Uno es el histoplasma, que tiene su zona endémica en parte del Litoral, Buenos Aires y Chaco. Se contagia por inhalación y está asociado con las heces de algunos animales”, cuenta. Y dice que hace un tiempo hubo un brote entre militares que limpiaron un depósito en el que había heces de murciélago.

Otro de los hongos es el paracoccidiodes, endémico de la zona de Entre Ríos, Santa Fe y Chaco que está presente, en general, en la tierra de las cuevas de armadillos. El tercero es el coccidiodes, que está en zonas áridas de las provincias de Catamarca y Santiago del Estero. “Cuando se levanta tierra por el viento, la gente que reside en esas áreas puede infectarse”, comparte.

“En nuestro laboratorio de Santa Fe estamos trabajando para mejorar las posibilidades de diagnóstico”, sostiene el especialista.

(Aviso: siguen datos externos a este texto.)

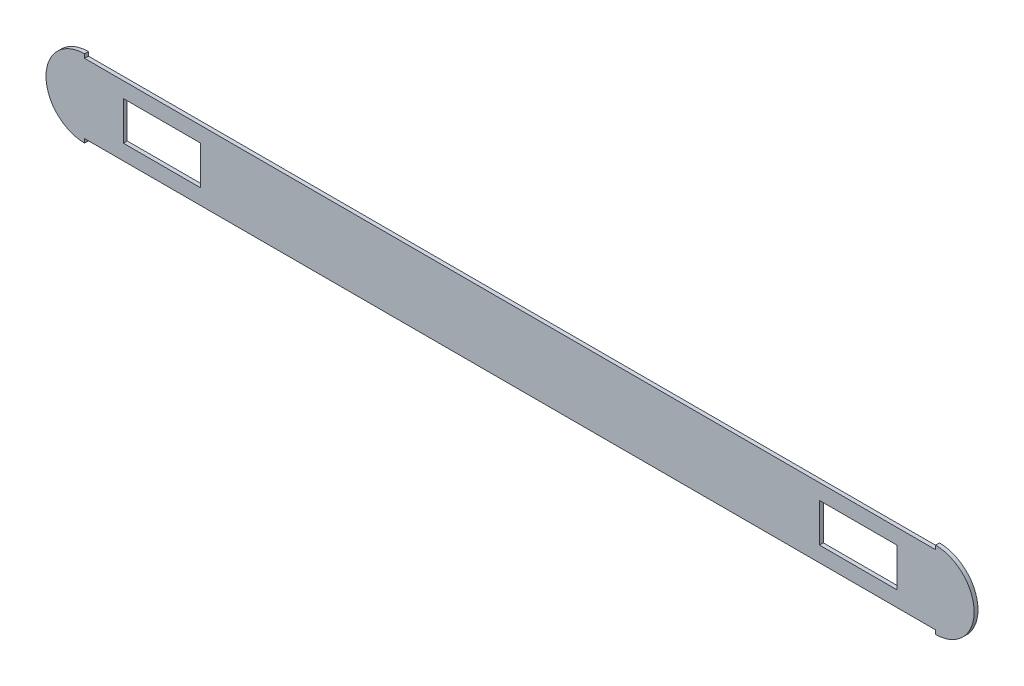
ISO-10303-21;
HEADER;
FILE_DESCRIPTION(('STEP AP214'),'2;1');
FILE_NAME('part.step','',(''),(''),'','','');
FILE_SCHEMA(('AUTOMOTIVE_DESIGN { 1 0 10303 214 1 1 1 1 }'));
ENDSEC;
DATA;
#1=APPLICATION_CONTEXT('core data for automotive mechanical design processes');
#2=APPLICATION_PROTOCOL_DEFINITION('international standard','automotive_design',2000,#1);
#3=PRODUCT_CONTEXT('',#1,'mechanical');
#4=PRODUCT('Part','Part','',(#3));
#5=PRODUCT_RELATED_PRODUCT_CATEGORY('part','',(#4));
#6=PRODUCT_DEFINITION_FORMATION('','',#4);
#7=PRODUCT_DEFINITION_CONTEXT('part definition',#1,'design');
#8=PRODUCT_DEFINITION('design','',#6,#7);
#9=PRODUCT_DEFINITION_SHAPE('','',#8);
#10=(LENGTH_UNIT() NAMED_UNIT(*) SI_UNIT(.MILLI.,.METRE.));
#11=(NAMED_UNIT(*) PLANE_ANGLE_UNIT() SI_UNIT($,.RADIAN.));
#12=(NAMED_UNIT(*) SI_UNIT($,.STERADIAN.) SOLID_ANGLE_UNIT());
#13=UNCERTAINTY_MEASURE_WITH_UNIT(LENGTH_MEASURE(1.E-05),#10,'distance_accuracy_value','');
#14=(GEOMETRIC_REPRESENTATION_CONTEXT(3) GLOBAL_UNCERTAINTY_ASSIGNED_CONTEXT((#13)) GLOBAL_UNIT_ASSIGNED_CONTEXT((#10,
#11,#12)) REPRESENTATION_CONTEXT('',''));
#15=CARTESIAN_POINT('',(0.,0.,0.));
#16=DIRECTION('',(0.,0.,1.));
#17=DIRECTION('',(1.,0.,0.));
#18=AXIS2_PLACEMENT_3D('',#15,#16,#17);
#19=CARTESIAN_POINT('',(597.266258042068,-45.,5.));
#20=DIRECTION('',(0.,0.,1.));
#21=DIRECTION('',(1.,0.,0.));
#22=AXIS2_PLACEMENT_3D('',#19,#20,#21);
#23=PLANE('',#22);
#24=DIRECTION('',(0.,1.,0.));
#25=VECTOR('',#24,1.);
#26=CARTESIAN_POINT('',(-502.833741957932,-50.1,5.));
#27=LINE('',#26,#25);
#28=CARTESIAN_POINT('',(-502.833741957932,-49.9998999999,5.));
#29=VERTEX_POINT('',#28);
#30=CARTESIAN_POINT('',(-502.833741957932,-44.9,5.));
#31=VERTEX_POINT('',#30);
#32=EDGE_CURVE('E148',#29,#31,#27,.T.);
#33=ORIENTED_EDGE('',*,*,#32,.T.);
#34=DIRECTION('',(1.,0.,0.));
#35=VECTOR('',#34,1.);
#36=CARTESIAN_POINT('',(-502.833741957932,-44.9,5.));
#37=LINE('',#36,#35);
#38=CARTESIAN_POINT('',(597.366258042068,-44.9,5.));
#39=VERTEX_POINT('',#38);
#40=EDGE_CURVE('E159',#31,#39,#37,.T.);
#41=ORIENTED_EDGE('',*,*,#40,.T.);
#42=DIRECTION('',(0.,-1.,0.));
#43=VECTOR('',#42,1.);
#44=CARTESIAN_POINT('',(597.366258042068,-44.9,5.));
#45=LINE('',#44,#43);
#46=CARTESIAN_POINT('',(597.366258042068,-49.9998999999,5.));
#47=VERTEX_POINT('',#46);
#48=EDGE_CURVE('E156',#39,#47,#45,.T.);
#49=ORIENTED_EDGE('',*,*,#48,.T.);
#50=CARTESIAN_POINT('',(597.266258042068,0.,5.));
#51=DIRECTION('',(0.,0.,1.));
#52=DIRECTION('',(1.,0.,0.));
#53=AXIS2_PLACEMENT_3D('',#50,#51,#52);
#54=CIRCLE('',#53,50.);
#55=CARTESIAN_POINT('',(597.366258042068,49.9998999999,5.));
#56=VERTEX_POINT('',#55);
#57=EDGE_CURVE('E53',#47,#56,#54,.T.);
#58=ORIENTED_EDGE('',*,*,#57,.T.);
#59=DIRECTION('',(0.,-1.,0.));
#60=VECTOR('',#59,1.);
#61=CARTESIAN_POINT('',(597.366258042068,50.1,5.));
#62=LINE('',#61,#60);
#63=CARTESIAN_POINT('',(597.366258042068,44.9,5.));
#64=VERTEX_POINT('',#63);
#65=EDGE_CURVE('E181',#56,#64,#62,.T.);
#66=ORIENTED_EDGE('',*,*,#65,.T.);
#67=DIRECTION('',(-1.,0.,0.));
#68=VECTOR('',#67,1.);
#69=CARTESIAN_POINT('',(597.366258042068,44.9,5.));
#70=LINE('',#69,#68);
#71=CARTESIAN_POINT('',(-502.833741957932,44.9,5.));
#72=VERTEX_POINT('',#71);
#73=EDGE_CURVE('E184',#64,#72,#70,.T.);
#74=ORIENTED_EDGE('',*,*,#73,.T.);
#75=DIRECTION('',(0.,1.,0.));
#76=VECTOR('',#75,1.);
#77=CARTESIAN_POINT('',(-502.833741957932,44.9,5.));
#78=LINE('',#77,#76);
#79=CARTESIAN_POINT('',(-502.833741957932,49.9998999999,5.));
#80=VERTEX_POINT('',#79);
#81=EDGE_CURVE('E179',#72,#80,#78,.T.);
#82=ORIENTED_EDGE('',*,*,#81,.T.);
#83=CARTESIAN_POINT('',(-502.733741957931,0.,5.));
#84=DIRECTION('',(0.,0.,1.));
#85=DIRECTION('',(1.,0.,0.));
#86=AXIS2_PLACEMENT_3D('',#83,#84,#85);
#87=CIRCLE('',#86,50.);
#88=EDGE_CURVE('E167',#80,#29,#87,.T.);
#89=ORIENTED_EDGE('',*,*,#88,.T.);
#90=EDGE_LOOP('',(#33,#41,#49,#58,#66,#74,#82,#89));
#91=FACE_BOUND('',#90,.T.);
#92=DIRECTION('',(0.,-1.,0.));
#93=VECTOR('',#92,1.);
#94=CARTESIAN_POINT('',(-452.733741957932,25.,5.));
#95=LINE('',#94,#93);
#96=CARTESIAN_POINT('',(-452.733741957932,25.,5.));
#97=VERTEX_POINT('',#96);
#98=CARTESIAN_POINT('',(-452.733741957931,-25.,5.));
#99=VERTEX_POINT('',#98);
#100=EDGE_CURVE('E201',#97,#99,#95,.T.);
#101=ORIENTED_EDGE('',*,*,#100,.F.);
#102=DIRECTION('',(-1.,0.,0.));
#103=VECTOR('',#102,1.);
#104=CARTESIAN_POINT('',(-452.733741957932,25.,5.));
#105=LINE('',#104,#103);
#106=CARTESIAN_POINT('',(-352.733741957931,25.,5.));
#107=VERTEX_POINT('',#106);
#108=EDGE_CURVE('E210',#107,#97,#105,.T.);
#109=ORIENTED_EDGE('',*,*,#108,.F.);
#110=DIRECTION('',(0.,1.,0.));
#111=VECTOR('',#110,1.);
#112=CARTESIAN_POINT('',(-352.733741957931,25.,5.));
#113=LINE('',#112,#111);
#114=CARTESIAN_POINT('',(-352.733741957931,-25.,5.));
#115=VERTEX_POINT('',#114);
#116=EDGE_CURVE('E207',#115,#107,#113,.T.);
#117=ORIENTED_EDGE('',*,*,#116,.F.);
#118=DIRECTION('',(1.,0.,0.));
#119=VECTOR('',#118,1.);
#120=CARTESIAN_POINT('',(-452.733741957932,-25.,5.));
#121=LINE('',#120,#119);
#122=EDGE_CURVE('E203',#99,#115,#121,.T.);
#123=ORIENTED_EDGE('',*,*,#122,.F.);
#124=EDGE_LOOP('',(#101,#109,#117,#123));
#125=FACE_BOUND('',#124,.T.);
#126=DIRECTION('',(0.,-1.,0.));
#127=VECTOR('',#126,1.);
#128=CARTESIAN_POINT('',(447.266258042068,25.,5.));
#129=LINE('',#128,#127);
#130=CARTESIAN_POINT('',(447.266258042068,25.,5.));
#131=VERTEX_POINT('',#130);
#132=CARTESIAN_POINT('',(447.266258042068,-25.,5.));
#133=VERTEX_POINT('',#132);
#134=EDGE_CURVE('E200',#131,#133,#129,.T.);
#135=ORIENTED_EDGE('',*,*,#134,.F.);
#136=DIRECTION('',(-1.,0.,0.));
#137=VECTOR('',#136,1.);
#138=CARTESIAN_POINT('',(447.266258042068,25.,5.));
#139=LINE('',#138,#137);
#140=CARTESIAN_POINT('',(547.266258042068,25.,5.));
#141=VERTEX_POINT('',#140);
#142=EDGE_CURVE('E230',#141,#131,#139,.T.);
#143=ORIENTED_EDGE('',*,*,#142,.F.);
#144=DIRECTION('',(0.,1.,0.));
#145=VECTOR('',#144,1.);
#146=CARTESIAN_POINT('',(547.266258042068,25.,5.));
#147=LINE('',#146,#145);
#148=CARTESIAN_POINT('',(547.266258042068,-25.,5.));
#149=VERTEX_POINT('',#148);
#150=EDGE_CURVE('E227',#149,#141,#147,.T.);
#151=ORIENTED_EDGE('',*,*,#150,.F.);
#152=DIRECTION('',(1.,0.,0.));
#153=VECTOR('',#152,1.);
#154=CARTESIAN_POINT('',(447.266258042068,-25.,5.));
#155=LINE('',#154,#153);
#156=EDGE_CURVE('E224',#133,#149,#155,.T.);
#157=ORIENTED_EDGE('',*,*,#156,.F.);
#158=EDGE_LOOP('',(#135,#143,#151,#157));
#159=FACE_BOUND('',#158,.T.);
#160=ADVANCED_FACE('F32',(#91,#125,#159),#23,.T.);
#161=CARTESIAN_POINT('',(-502.733741957931,0.,80.));
#162=DIRECTION('',(0.,0.,-1.));
#163=DIRECTION('',(-1.,0.,0.));
#164=AXIS2_PLACEMENT_3D('',#161,#162,#163);
#165=CYLINDRICAL_SURFACE('',#164,50.);
#166=CARTESIAN_POINT('',(-502.733741957931,0.,0.));
#167=DIRECTION('',(0.,0.,1.));
#168=DIRECTION('',(1.,0.,0.));
#169=AXIS2_PLACEMENT_3D('',#166,#167,#168);
#170=CIRCLE('',#169,50.);
#171=CARTESIAN_POINT('',(-502.833741957932,49.9998999999,0.));
#172=VERTEX_POINT('',#171);
#173=CARTESIAN_POINT('',(-502.833741957932,-49.9998999999,0.));
#174=VERTEX_POINT('',#173);
#175=EDGE_CURVE('E266',#172,#174,#170,.T.);
#176=ORIENTED_EDGE('',*,*,#175,.T.);
#177=DIRECTION('',(0.,0.,-1.));
#178=VECTOR('',#177,1.);
#179=CARTESIAN_POINT('',(-502.833741957932,-49.9998999999,80.));
#180=LINE('',#179,#178);
#181=EDGE_CURVE('E175',#174,#29,#180,.F.);
#182=ORIENTED_EDGE('',*,*,#181,.T.);
#183=ORIENTED_EDGE('',*,*,#88,.F.);
#184=DIRECTION('',(0.,0.,-1.));
#185=VECTOR('',#184,1.);
#186=CARTESIAN_POINT('',(-502.833741957932,49.9998999999,80.));
#187=LINE('',#186,#185);
#188=EDGE_CURVE('E195',#80,#172,#187,.T.);
#189=ORIENTED_EDGE('',*,*,#188,.T.);
#190=EDGE_LOOP('',(#176,#182,#183,#189));
#191=FACE_BOUND('',#190,.T.);
#192=ADVANCED_FACE('F290',(#191),#165,.T.);
#193=CARTESIAN_POINT('',(-502.733741957931,0.,0.));
#194=DIRECTION('',(0.,0.,1.));
#195=DIRECTION('',(1.,0.,0.));
#196=AXIS2_PLACEMENT_3D('',#193,#194,#195);
#197=PLANE('',#196);
#198=DIRECTION('',(1.,0.,0.));
#199=VECTOR('',#198,1.);
#200=CARTESIAN_POINT('',(-502.833741957932,-44.9,0.));
#201=LINE('',#200,#199);
#202=CARTESIAN_POINT('',(-502.833741957932,-44.9,0.));
#203=VERTEX_POINT('',#202);
#204=CARTESIAN_POINT('',(597.366258042068,-44.9,0.));
#205=VERTEX_POINT('',#204);
#206=EDGE_CURVE('E169',#203,#205,#201,.T.);
#207=ORIENTED_EDGE('',*,*,#206,.F.);
#208=DIRECTION('',(0.,1.,0.));
#209=VECTOR('',#208,1.);
#210=CARTESIAN_POINT('',(-502.833741957932,-50.1,0.));
#211=LINE('',#210,#209);
#212=EDGE_CURVE('E151',#174,#203,#211,.T.);
#213=ORIENTED_EDGE('',*,*,#212,.F.);
#214=ORIENTED_EDGE('',*,*,#175,.F.);
#215=DIRECTION('',(0.,1.,0.));
#216=VECTOR('',#215,1.);
#217=CARTESIAN_POINT('',(-502.833741957932,44.9,0.));
#218=LINE('',#217,#216);
#219=CARTESIAN_POINT('',(-502.833741957932,44.9,0.));
#220=VERTEX_POINT('',#219);
#221=EDGE_CURVE('E178',#220,#172,#218,.T.);
#222=ORIENTED_EDGE('',*,*,#221,.F.);
#223=DIRECTION('',(-1.,0.,0.));
#224=VECTOR('',#223,1.);
#225=CARTESIAN_POINT('',(597.366258042068,44.9,0.));
#226=LINE('',#225,#224);
#227=CARTESIAN_POINT('',(597.366258042068,44.9,0.));
#228=VERTEX_POINT('',#227);
#229=EDGE_CURVE('E182',#228,#220,#226,.T.);
#230=ORIENTED_EDGE('',*,*,#229,.F.);
#231=DIRECTION('',(0.,-1.,0.));
#232=VECTOR('',#231,1.);
#233=CARTESIAN_POINT('',(597.366258042068,50.1,0.));
#234=LINE('',#233,#232);
#235=CARTESIAN_POINT('',(597.366258042068,49.9998999999,0.));
#236=VERTEX_POINT('',#235);
#237=EDGE_CURVE('E189',#236,#228,#234,.T.);
#238=ORIENTED_EDGE('',*,*,#237,.F.);
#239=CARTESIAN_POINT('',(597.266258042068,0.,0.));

Y asegura que queda mucho por avanzar sobre este tema. “Observamos que, por ejemplo, la infección por histoplasma se manifiesta en forma similar a la tuberculosis e incluso en una radiografía se percibe parecida. Los médicos tienden a dar antibióticos contra la bacteria sin pensar que, en realidad, puede tratarse de este hongo”, explica, y destaca que se debe considerar a los hongos como agentes de infección.

La serie The Last Of Us puede verse por HBO.

De qué trata The Last of Us

La serie comienza con un médico advirtiendo que la próxima amenaza para la humanidad podría no ser generada por un virus ni una bacteria sino por un hongo. Además, advierte sobre la existencia de un tipo de hongo que afecta canales nerviosos de las hormigas y que, de incrementarse la temperatura del planeta, podría adaptarse a tal punto de afectar a los humanos.

La trama describe las vivencias de Joel y Ellie, quienes sobrevivieron a una pandemia ocasionada por un hongo, que al infectar a los humanos los convierte en criaturas caníbales, y que se transmite a través de una simple mordedura.

The Last of Us, que se estrenó en HBO Max, se basa en un videojuego que fue lanzado en 2013.